New Sequential Patch Testing for Fixed Drug Eruption (FDE) Diagnosis

Fixed Drug Eruption (FDE) is a distinctive and often perplexing manifestation of drug hypersensitivity. Diagnosing FDE accurately is crucial for effective management and prevention of future reactions. A recent multicenter study titled “In Situ Patch Test and Repeated Open Application Test for Fixed Drug Eruption: A Multicenter Study” sheds new light on this diagnostic challenge. This study, conducted across 11 dermatology and allergology centers in France, offers a thorough examination of the sequential diagnostic approach involving in situ patch tests (PT), repeated open application tests (ROAT), and drug challenges (DC).

Background

Fixed drug eruption (FDE) is a cutaneous adverse drug reaction characterized by erythematous plaques or blisters that recur at the same site upon re-exposure to the causative drug. It can leave residual pigmentation and, in severe cases, may present as generalized bullous fixed drug reaction (GBFDE).

Objective

The study aimed to evaluate the sensitivity of a standardized allergy workup for diagnosing the cause of FDE, with an emphasis on in situ repeated open application tests (ROATs).

Methods

A retrospective multicenter study analyzed the allergy workup practices for FDE diagnosis across 11 centers in France. The workup involved a three-step process:

  1. In Situ Patch Tests (PTs): Potential offending medications were applied directly to previously affected skin sites, except in cases of pure mucosal involvement.
  2. In Situ Repeated Open Application Test (ROAT): If the in situ PT results were negative, the suspected drug was applied daily for 7 days to the same skin area.
  3. Drug Challenge (DC): This was conducted only if both in situ PT and ROAT were negative. It involved administering the drug under controlled conditions to confirm the diagnosis.

Results

Out of 98 suspected FDE cases, 61 patients (median age 61 years, male-to-female ratio 1.8) with a complete allergy workup were included. The implicated drugs included paracetamol, β-lactams, imidazoles, NSAIDs, iodinated contrast media, and cotrimoxazole, among others.

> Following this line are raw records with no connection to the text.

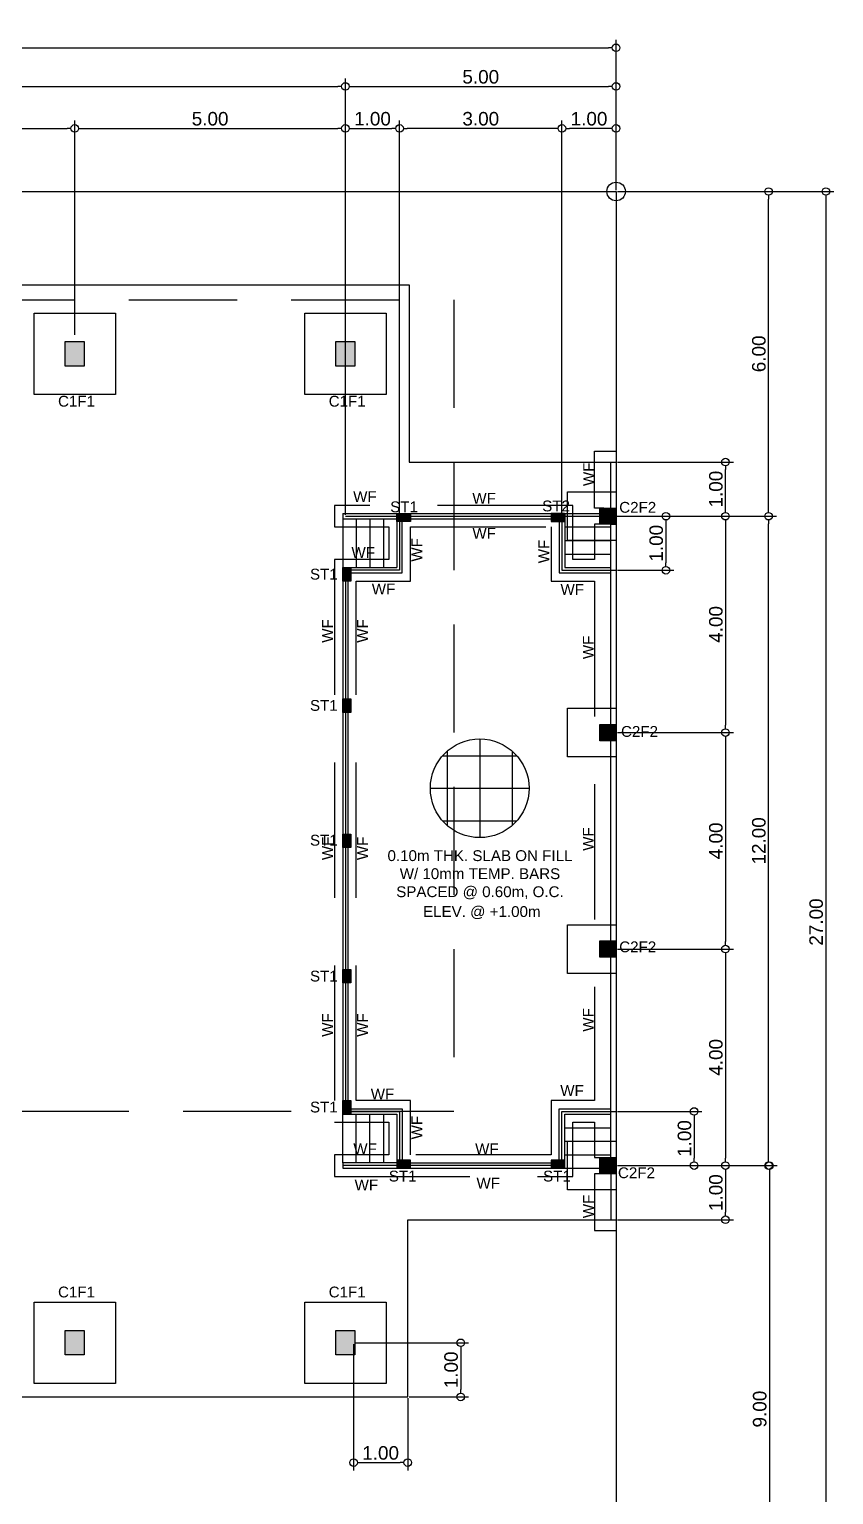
# Model space of a CAD drawing. Header units: inches. Extents: x -1369 to 1198, y -366 to 1398.
# Drawn here: x -5.99 to 8.87, y 90.23 to 117.31 of the extents above; entities that cross this region are included whole.
import ezdxf

# ---------------------------------------------------------------- set-up
doc = ezdxf.new("R2010")
doc.units = ezdxf.units.IN
doc.header["$MEASUREMENT"] = 0
doc.linetypes.add('HIDDEN', pattern=[0.375, 0.25, -0.125])
for name, color, linetype in [('cent', 3, 'Continuous'), ('COLM2', 7, 'Continuous'), ('dim', 8, 'Continuous'), ('txt', 7, 'Continuous'), ('wall', 7, 'Continuous'), ('WF', 1, 'HIDDEN')]:
    doc.layers.add(name, color=color, linetype=linetype)
doc.styles.get("Standard").update_dxf_attribs({"font": 'arial.ttf'})
doc.dimstyles.get("Standard").update_dxf_attribs({"dimtxt": 0.25, "dimasz": 0.14, "dimexe": 0.145, "dimexo": 0.025, "dimgap": 0.05, "dimtad": 1, "dimzin": 0, "dimdsep": 46, "dimtxsty": 'Standard', "dimblk": 'DOTBLANK', "dimcen": 0.09, "dimclrd": 256, "dimclre": 256, "dimaunit": 1, "dimadec": 5, "dimazin": 0, "dimtfac": 1, "dimtix": 1, "dimtofl": 0, "dimtmove": 0, "dimatfit": 3, "dimfxl": 0, "dimtolj": 1, "dimtzin": 0, "dimlwd": -1, "dimlwe": -1, "dimarcsym": 0})

# ---------------------------------------------------------------- blocks, each defined once
blk = doc.blocks.new('_DotBlank')
at = {"color": 0, "linetype": 'ByBlock', "lineweight": -2}
blk.add_line((-0.5, 0), (-1, 0), dxfattribs=at)
blk.add_circle((0, 0), 0.5, dxfattribs=at)
blk = doc.blocks.new('*D242')
at = {"layer": 'Defpoints', "color": 0, "transparency": 16777216}
for p in [(4.847, 116.97), (-31.153, 114.315), (4.847, 114.315)]:
    blk.add_point(p, dxfattribs=at)
at = {"layer": 'dim', "transparency": 16777216}
for p, q in [((-31.153, 114.34), (-31.153, 117.115)), ((4.847, 114.34), (4.847, 117.115)), ((-31.013, 116.97), (4.707, 116.97))]:
    blk.add_line(p, q, dxfattribs=at)
at = {"layer": 'dim', "transparency": 16777216, "xscale": 0.14, "yscale": 0.14, "zscale": 0.14, "rotation": 180}
blk.add_blockref('_DotBlank', (-31.153, 116.97), dxfattribs=at)
at = {"layer": 'dim', "transparency": 16777216, "xscale": 0.14, "yscale": 0.14, "zscale": 0.14}
blk.add_blockref('_DotBlank', (4.847, 116.97), dxfattribs=at)
at = {"layer": 'dim', "color": 0, "transparency": 16777216, "insert": (-13.153, 117.148), "char_height": 0.25, "attachment_point": 5}
blk.add_mtext('\\A1;36.00', dxfattribs=at)
blk = doc.blocks.new('*D236')
at = {"layer": 'Defpoints', "color": 0, "transparency": 16777216}
for p in [(4.847, 114.315), (4.847, 87.315), (8.722, 87.315)]:
    blk.add_point(p, dxfattribs=at)
at = {"layer": 'dim', "transparency": 16777216}
for p, q in [((4.872, 114.315), (8.867, 114.315)), ((8.722, 114.175), (8.722, 87.455)), ((4.872, 87.315), (8.867, 87.315))]:
    blk.add_line(p, q, dxfattribs=at)
at = {"layer": 'dim', "transparency": 16777216, "xscale": 0.14, "yscale": 0.14, "zscale": 0.14}
for p, rotation in [((8.722, 114.315), 90), ((8.722, 87.315), 270)]:
    blk.add_blockref('_DotBlank', p, dxfattribs=dict(at, rotation=rotation))
at = {"layer": 'dim', "color": 0, "transparency": 16777216, "insert": (8.544, 100.815), "char_height": 0.25, "attachment_point": 5, "rotation": 90}
blk.add_mtext('\\A1;27.00', dxfattribs=at)
blk = doc.blocks.new('*D223')
at = {"layer": 'Defpoints', "color": 0, "transparency": 16777216}
for p in [(-0.153, 116.256), (-30.153, 114.315), (-0.153, 114.315)]:
    blk.add_point(p, dxfattribs=at)
at = {"layer": 'dim', "transparency": 16777216}
for p, q in [((-30.153, 114.34), (-30.153, 116.401)), ((-30.013, 116.256), (-0.293, 116.256)), ((-0.153, 114.34), (-0.153, 116.401))]:
    blk.add_line(p, q, dxfattribs=at)
at = {"layer": 'dim', "transparency": 16777216, "xscale": 0.14, "yscale": 0.14, "zscale": 0.14, "rotation": 180}
blk.add_blockref('_DotBlank', (-30.153, 116.256), dxfattribs=at)
at = {"layer": 'dim', "transparency": 16777216, "xscale": 0.14, "yscale": 0.14, "zscale": 0.14}
blk.add_blockref('_DotBlank', (-0.153, 116.256), dxfattribs=at)
at = {"layer": 'dim', "color": 0, "transparency": 16777216, "insert": (-15.153, 116.434), "char_height": 0.25, "attachment_point": 5}
blk.add_mtext('\\A1;30.00', dxfattribs=at)
blk = doc.blocks.new('*D224')
at = {"layer": 'Defpoints', "color": 0, "transparency": 16777216}
for p in [(4.847, 116.256), (4.847, 114.315), (-0.153, 108.315)]:
    blk.add_point(p, dxfattribs=at)
at = {"layer": 'dim', "transparency": 16777216}
for p, q in [((-0.153, 108.34), (-0.153, 116.401)), ((-0.013, 116.256), (4.707, 116.256)), ((4.847, 114.34), (4.847, 116.401))]:
    blk.add_line(p, q, dxfattribs=at)
at = {"layer": 'dim', "transparency": 16777216, "xscale": 0.14, "yscale": 0.14, "zscale": 0.14, "rotation": 180}
blk.add_blockref('_DotBlank', (-0.153, 116.256), dxfattribs=at)
at = {"layer": 'dim', "transparency": 16777216, "xscale": 0.14, "yscale": 0.14, "zscale": 0.14}
blk.add_blockref('_DotBlank', (4.847, 116.256), dxfattribs=at)
at = {"layer": 'dim', "color": 0, "transparency": 16777216, "insert": (2.347, 116.433), "char_height": 0.25, "attachment_point": 5}
blk.add_mtext('\\A1;5.00', dxfattribs=at)
blk = doc.blocks.new('*D228')
at = {"layer": 'Defpoints', "color": 0, "transparency": 16777216}
for p in [(-5.153, 115.48), (-10.153, 111.64), (-5.153, 111.64)]:
    blk.add_point(p, dxfattribs=at)
at = {"layer": 'dim', "transparency": 16777216}
for p, q in [((-10.153, 111.665), (-10.153, 115.625)), ((-10.013, 115.48), (-5.293, 115.48)), ((-5.153, 111.665), (-5.153, 115.625))]:
    blk.add_line(p, q, dxfattribs=at)
at = {"layer": 'dim', "transparency": 16777216, "xscale": 0.14, "yscale": 0.14, "zscale": 0.14, "rotation": 180}
blk.add_blockref('_DotBlank', (-10.153, 115.48), dxfattribs=at)
at = {"layer": 'dim', "transparency": 16777216, "xscale": 0.14, "yscale": 0.14, "zscale": 0.14}
blk.add_blockref('_DotBlank', (-5.153, 115.48), dxfattribs=at)
at = {"layer": 'dim', "color": 0, "transparency": 16777216, "insert": (-7.653, 115.658), "char_height": 0.25, "attachment_point": 5}
blk.add_mtext('\\A1;5.00', dxfattribs=at)
blk = doc.blocks.new('*D229')
at = {"layer": 'Defpoints', "color": 0, "transparency": 16777216}
for p in [(-0.153, 115.48), (-5.153, 111.64), (-0.153, 111.64)]:
    blk.add_point(p, dxfattribs=at)
at = {"layer": 'dim', "transparency": 16777216}
for p, q in [((-5.153, 111.665), (-5.153, 115.625)), ((-5.013, 115.48), (-0.293, 115.48)), ((-0.153, 111.665), (-0.153, 115.625))]:
    blk.add_line(p, q, dxfattribs=at)
at = {"layer": 'dim', "transparency": 16777216, "xscale": 0.14, "yscale": 0.14, "zscale": 0.14, "rotation": 180}
blk.add_blockref('_DotBlank', (-5.153, 115.48), dxfattribs=at)
at = {"layer": 'dim', "transparency": 16777216, "xscale": 0.14, "yscale": 0.14, "zscale": 0.14}
blk.add_blockref('_DotBlank', (-0.153, 115.48), dxfattribs=at)
at = {"layer": 'dim', "color": 0, "transparency": 16777216, "insert": (-2.653, 115.658), "char_height": 0.25, "attachment_point": 5}
blk.add_mtext('\\A1;5.00', dxfattribs=at)
blk = doc.blocks.new('*D230')
at = {"layer": 'Defpoints', "color": 0, "transparency": 16777216}
for p in [(4.847, 96.315), (4.847, 87.315), (7.679, 87.315)]:
    blk.add_point(p, dxfattribs=at)
at = {"layer": 'dim', "transparency": 16777216}
for p, q in [((4.872, 96.315), (7.824, 96.315)), ((7.679, 96.175), (7.679, 87.455)), ((4.872, 87.315), (7.824, 87.315))]:
    blk.add_line(p, q, dxfattribs=at)
at = {"layer": 'dim', "transparency": 16777216, "xscale": 0.14, "yscale": 0.14, "zscale": 0.14}
for p, rotation in [((7.679, 96.315), 90), ((7.679, 87.315), 270)]:
    blk.add_blockref('_DotBlank', p, dxfattribs=dict(at, rotation=rotation))
at = {"layer": 'dim', "color": 0, "transparency": 16777216, "insert": (7.501, 91.815), "char_height": 0.25, "attachment_point": 5, "rotation": 90}
blk.add_mtext('\\A1;9.00', dxfattribs=at)
blk = doc.blocks.new('*D240')
at = {"layer": 'Defpoints', "color": 0, "transparency": 16777216}
for p in [(3.847, 108.315), (7.663, 108.315), (4.847, 96.315)]:
    blk.add_point(p, dxfattribs=at)
at = {"layer": 'dim', "transparency": 16777216}
for p, q in [((3.872, 108.315), (7.808, 108.315)), ((7.663, 96.455), (7.663, 108.175)), ((4.872, 96.315), (7.808, 96.315))]:
    blk.add_line(p, q, dxfattribs=at)
at = {"layer": 'dim', "transparency": 16777216, "xscale": 0.14, "yscale": 0.14, "zscale": 0.14}
for p, rotation in [((7.663, 108.315), 90), ((7.663, 96.315), 270)]:
    blk.add_blockref('_DotBlank', p, dxfattribs=dict(at, rotation=rotation))
at = {"layer": 'dim', "color": 0, "transparency": 16777216, "insert": (7.485, 102.315), "char_height": 0.25, "attachment_point": 5, "rotation": 90}
blk.add_mtext('\\A1;12.00', dxfattribs=at)
blk = doc.blocks.new('*D231')
at = {"layer": 'Defpoints', "color": 0, "transparency": 16777216}
for p in [(4.847, 114.315), (7.663, 114.315), (4.847, 108.315)]:
    blk.add_point(p, dxfattribs=at)
at = {"layer": 'dim', "transparency": 16777216}
for p, q in [((4.872, 114.315), (7.808, 114.315)), ((7.663, 108.455), (7.663, 114.175)), ((4.872, 108.315), (7.808, 108.315))]:
    blk.add_line(p, q, dxfattribs=at)
at = {"layer": 'dim', "transparency": 16777216, "xscale": 0.14, "yscale": 0.14, "zscale": 0.14}
for p, rotation in [((7.663, 114.315), 90), ((7.663, 108.315), 270)]:
    blk.add_blockref('_DotBlank', p, dxfattribs=dict(at, rotation=rotation))
at = {"layer": 'dim', "color": 0, "transparency": 16777216, "insert": (7.485, 111.315), "char_height": 0.25, "attachment_point": 5, "rotation": 90}
blk.add_mtext('\\A1;6.00', dxfattribs=at)
blk = doc.blocks.new('*D232')
at = {"layer": 'Defpoints', "color": 0, "transparency": 16777216}
for p in [(3.847, 115.48), (4.847, 114.315), (3.847, 108.315)]:
    blk.add_point(p, dxfattribs=at)
at = {"layer": 'dim', "transparency": 16777216}
for p, q in [((3.847, 108.34), (3.847, 115.625)), ((4.707, 115.48), (3.987, 115.48)), ((4.847, 114.34), (4.847, 115.625))]:
    blk.add_line(p, q, dxfattribs=at)
at = {"layer": 'dim', "transparency": 16777216, "xscale": 0.14, "yscale": 0.14, "zscale": 0.14, "rotation": 180}
blk.add_blockref('_DotBlank', (3.847, 115.48), dxfattribs=at)
at = {"layer": 'dim', "transparency": 16777216, "xscale": 0.14, "yscale": 0.14, "zscale": 0.14}
blk.add_blockref('_DotBlank', (4.847, 115.48), dxfattribs=at)
at = {"layer": 'dim', "color": 0, "transparency": 16777216, "insert": (4.347, 115.658), "char_height": 0.25, "attachment_point": 5}
blk.add_mtext('\\A1;1.00', dxfattribs=at)
blk = doc.blocks.new('*D233')
at = {"layer": 'Defpoints', "color": 0, "transparency": 16777216}
for p in [(0.847, 115.48), (-0.153, 114.34), (0.847, 108.315)]:
    blk.add_point(p, dxfattribs=at)
at = {"layer": 'dim', "transparency": 16777216}
for p, q in [((-0.153, 114.365), (-0.153, 115.625)), ((-0.013, 115.48), (0.707, 115.48)), ((0.847, 108.34), (0.847, 115.625))]:
    blk.add_line(p, q, dxfattribs=at)
at = {"layer": 'dim', "transparency": 16777216, "xscale": 0.14, "yscale": 0.14, "zscale": 0.14, "rotation": 180}
blk.add_blockref('_DotBlank', (-0.153, 115.48), dxfattribs=at)
at = {"layer": 'dim', "transparency": 16777216, "xscale": 0.14, "yscale": 0.14, "zscale": 0.14}
blk.add_blockref('_DotBlank', (0.847, 115.48), dxfattribs=at)
at = {"layer": 'dim', "color": 0, "transparency": 16777216, "insert": (0.347, 115.658), "char_height": 0.25, "attachment_point": 5}
blk.add_mtext('\\A1;1.00', dxfattribs=at)
blk = doc.blocks.new('*D234')
at = {"layer": 'Defpoints', "color": 0, "transparency": 16777216}
for p in [(0.847, 115.48), (0.847, 115.48), (3.847, 115.48)]:
    blk.add_point(p, dxfattribs=at)
at = {"layer": 'dim', "transparency": 16777216}
for p, q in [((0.847, 115.505), (0.847, 115.625)), ((3.707, 115.48), (0.987, 115.48)), ((3.847, 115.505), (3.847, 115.625))]:
    blk.add_line(p, q, dxfattribs=at)
at = {"layer": 'dim', "transparency": 16777216, "xscale": 0.14, "yscale": 0.14, "zscale": 0.14, "rotation": 180}
blk.add_blockref('_DotBlank', (0.847, 115.48), dxfattribs=at)
at = {"layer": 'dim', "transparency": 16777216, "xscale": 0.14, "yscale": 0.14, "zscale": 0.14}
blk.add_blockref('_DotBlank', (3.847, 115.48), dxfattribs=at)
at = {"layer": 'dim', "color": 0, "transparency": 16777216, "insert": (2.347, 115.658), "char_height": 0.25, "attachment_point": 5}
blk.add_mtext('\\A1;3.00', dxfattribs=at)
blk = doc.blocks.new('*D241')
at = {"layer": 'Defpoints', "color": 0, "transparency": 16777216}
for p in [(4.847, 97.315), (4.847, 96.315), (6.289, 96.315)]:
    blk.add_point(p, dxfattribs=at)
at = {"layer": 'dim', "transparency": 16777216}
for p, q in [((4.872, 97.315), (6.434, 97.315)), ((6.289, 97.175), (6.289, 96.455)), ((4.872, 96.315), (6.434, 96.315))]:
    blk.add_line(p, q, dxfattribs=at)
at = {"layer": 'dim', "transparency": 16777216, "xscale": 0.14, "yscale": 0.14, "zscale": 0.14}
for p, rotation in [((6.289, 97.315), 90), ((6.289, 96.315), 270)]:
    blk.add_blockref('_DotBlank', p, dxfattribs=dict(at, rotation=rotation))
at = {"layer": 'dim', "color": 0, "transparency": 16777216, "insert": (6.111, 96.815), "char_height": 0.25, "attachment_point": 5, "rotation": 90}
blk.add_mtext('\\A1;1.00', dxfattribs=at)
blk = doc.blocks.new('*D235')
at = {"layer": 'Defpoints', "color": 0, "transparency": 16777216}
for p in [(4.797, 108.315), (4.847, 107.315), (5.767, 107.315)]:
    blk.add_point(p, dxfattribs=at)
at = {"layer": 'dim', "transparency": 16777216}
for p, q in [((4.822, 108.315), (5.912, 108.315)), ((5.767, 108.175), (5.767, 107.455)), ((4.872, 107.315), (5.912, 107.315))]:
    blk.add_line(p, q, dxfattribs=at)
at = {"layer": 'dim', "transparency": 16777216, "xscale": 0.14, "yscale": 0.14, "zscale": 0.14}
for p, rotation in [((5.767, 108.315), 90), ((5.767, 107.315), 270)]:
    blk.add_blockref('_DotBlank', p, dxfattribs=dict(at, rotation=rotation))
at = {"layer": 'dim', "color": 0, "transparency": 16777216, "insert": (5.589, 107.815), "char_height": 0.25, "attachment_point": 5, "rotation": 90}
blk.add_mtext('\\A1;1.00', dxfattribs=at)
blk = doc.blocks.new('*D243')
at = {"layer": 'Defpoints', "color": 0, "transparency": 16777216}
for p in [(4.872, 108.315), (4.847, 104.315), (6.868, 104.315)]:
    blk.add_point(p, dxfattribs=at)
at = {"layer": 'dim', "transparency": 16777216}
for p, q in [((4.897, 108.315), (7.013, 108.315)), ((6.868, 108.175), (6.868, 104.455)), ((4.872, 104.315), (7.013, 104.315))]:
    blk.add_line(p, q, dxfattribs=at)
at = {"layer": 'dim', "transparency": 16777216, "xscale": 0.14, "yscale": 0.14, "zscale": 0.14}
for p, rotation in [((6.868, 108.315), 90), ((6.868, 104.315), 270)]:
    blk.add_blockref('_DotBlank', p, dxfattribs=dict(at, rotation=rotation))
at = {"layer": 'dim', "color": 0, "transparency": 16777216, "insert": (6.691, 106.315), "char_height": 0.25, "attachment_point": 5, "rotation": 90}
blk.add_mtext('\\A1;4.00', dxfattribs=at)
blk = doc.blocks.new('*D244')
at = {"layer": 'Defpoints', "color": 0, "transparency": 16777216}
for p in [(4.872, 104.315), (4.847, 100.315), (6.868, 100.315)]:
    blk.add_point(p, dxfattribs=at)
at = {"layer": 'dim', "transparency": 16777216}
for p, q in [((4.897, 104.315), (7.013, 104.315)), ((6.868, 104.175), (6.868, 100.455)), ((4.872, 100.315), (7.013, 100.315))]:
    blk.add_line(p, q, dxfattribs=at)
at = {"layer": 'dim', "transparency": 16777216, "xscale": 0.14, "yscale": 0.14, "zscale": 0.14}
for p, rotation in [((6.868, 104.315), 90), ((6.868, 100.315), 270)]:
    blk.add_blockref('_DotBlank', p, dxfattribs=dict(at, rotation=rotation))
at = {"layer": 'dim', "color": 0, "transparency": 16777216, "insert": (6.691, 102.315), "char_height": 0.25, "attachment_point": 5, "rotation": 90}
blk.add_mtext('\\A1;4.00', dxfattribs=at)
blk = doc.blocks.new('*D245')
at = {"layer": 'Defpoints', "color": 0, "transparency": 16777216}
for p in [(4.872, 100.315), (4.847, 96.315), (6.868, 96.315)]:
    blk.add_point(p, dxfattribs=at)
at = {"layer": 'dim', "transparency": 16777216}
for p, q in [((4.897, 100.315), (7.013, 100.315)), ((6.868, 100.175), (6.868, 96.455)), ((4.872, 96.315), (7.013, 96.315))]:
    blk.add_line(p, q, dxfattribs=at)
at = {"layer": 'dim', "transparency": 16777216, "xscale": 0.14, "yscale": 0.14, "zscale": 0.14}
for p, rotation in [((6.868, 100.315), 90), ((6.868, 96.315), 270)]:
    blk.add_blockref('_DotBlank', p, dxfattribs=dict(at, rotation=rotation))
at = {"layer": 'dim', "color": 0, "transparency": 16777216, "insert": (6.691, 98.315), "char_height": 0.25, "attachment_point": 5, "rotation": 90}
blk.add_mtext('\\A1;4.00', dxfattribs=at)
blk = doc.blocks.new('*D291')
at = {"layer": 'Defpoints', "color": 0, "transparency": 16777216}
for p in [(-0.003, 93.04), (0.997, 92.04), (1.978, 92.04)]:
    blk.add_point(p, dxfattribs=at)
at = {"layer": 'dim', "transparency": 16777216}
for p, q in [((0.022, 93.04), (2.123, 93.04)), ((1.978, 92.9), (1.978, 92.18)), ((1.022, 92.04), (2.123, 92.04))]:
    blk.add_line(p, q, dxfattribs=at)
at = {"layer": 'dim', "transparency": 16777216, "xscale": 0.14, "yscale": 0.14, "zscale": 0.14}
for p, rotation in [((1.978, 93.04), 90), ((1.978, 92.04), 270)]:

  • In Situ PT: Positive in 17 of 54 cases (31.5%).
  • In Situ ROAT: Positive in 14 of 40 cases (35%), with remote reactivation in 4 cases.
  • Drug Challenge: Positive in 26 cases.

Study Highlights

The study’s design is commendable for its breadth and depth. By involving multiple centers, the research achieves a level of diversity in its patient sample, enhancing the generalizability of its findings. The sequential allergy workup involving in situ PT, in situ ROAT, and DC is a reliable and safe method for diagnosing the cause of FDE. The sensitivity of in situ tests was over 50%, making them valuable tools in the diagnostic process.

Our Perspectives

This new technique offers several advantages:

  • Enhanced Diagnostic Accuracy: Combining the two steps potentially leads to a more definitive diagnosis compared to traditional methods.
  • Improved Patient Care: Accurate identification of the culprit medication allows healthcare providers to effectively prevent future reactions and optimize treatment plans.

However, some considerations remain:

  • FDE Reactivation: The study noted that in situ ROAT occasionally caused the FDE to reappear in areas beyond the application site. Careful monitoring is necessary.
  • Inconclusive Results: Even with both tests, some cases might remain inconclusive, requiring alternative diagnostic measures.

In summary, this research demonstrates a promising new approach to diagnosing FDE by utilizing a sequential workup with in situ patch tests, repeated open application tests, and drug challenges. While these initial results are encouraging, further research with prospective designs and larger, more diverse cohorts is needed for definitive validation and establishment as a standard tool. Additionally, addressing potential biases in the current sample, standardizing test preparations, and delving deeper into areas like remote reactivation management and negative test results would strengthen the study’s findings. Integrating routine histopathological confirmation and long-term patient follow-up data could further solidify the clinical applicability of this method. By refining this approach through future research, we can unlock its potential for improved patient care and FDE management.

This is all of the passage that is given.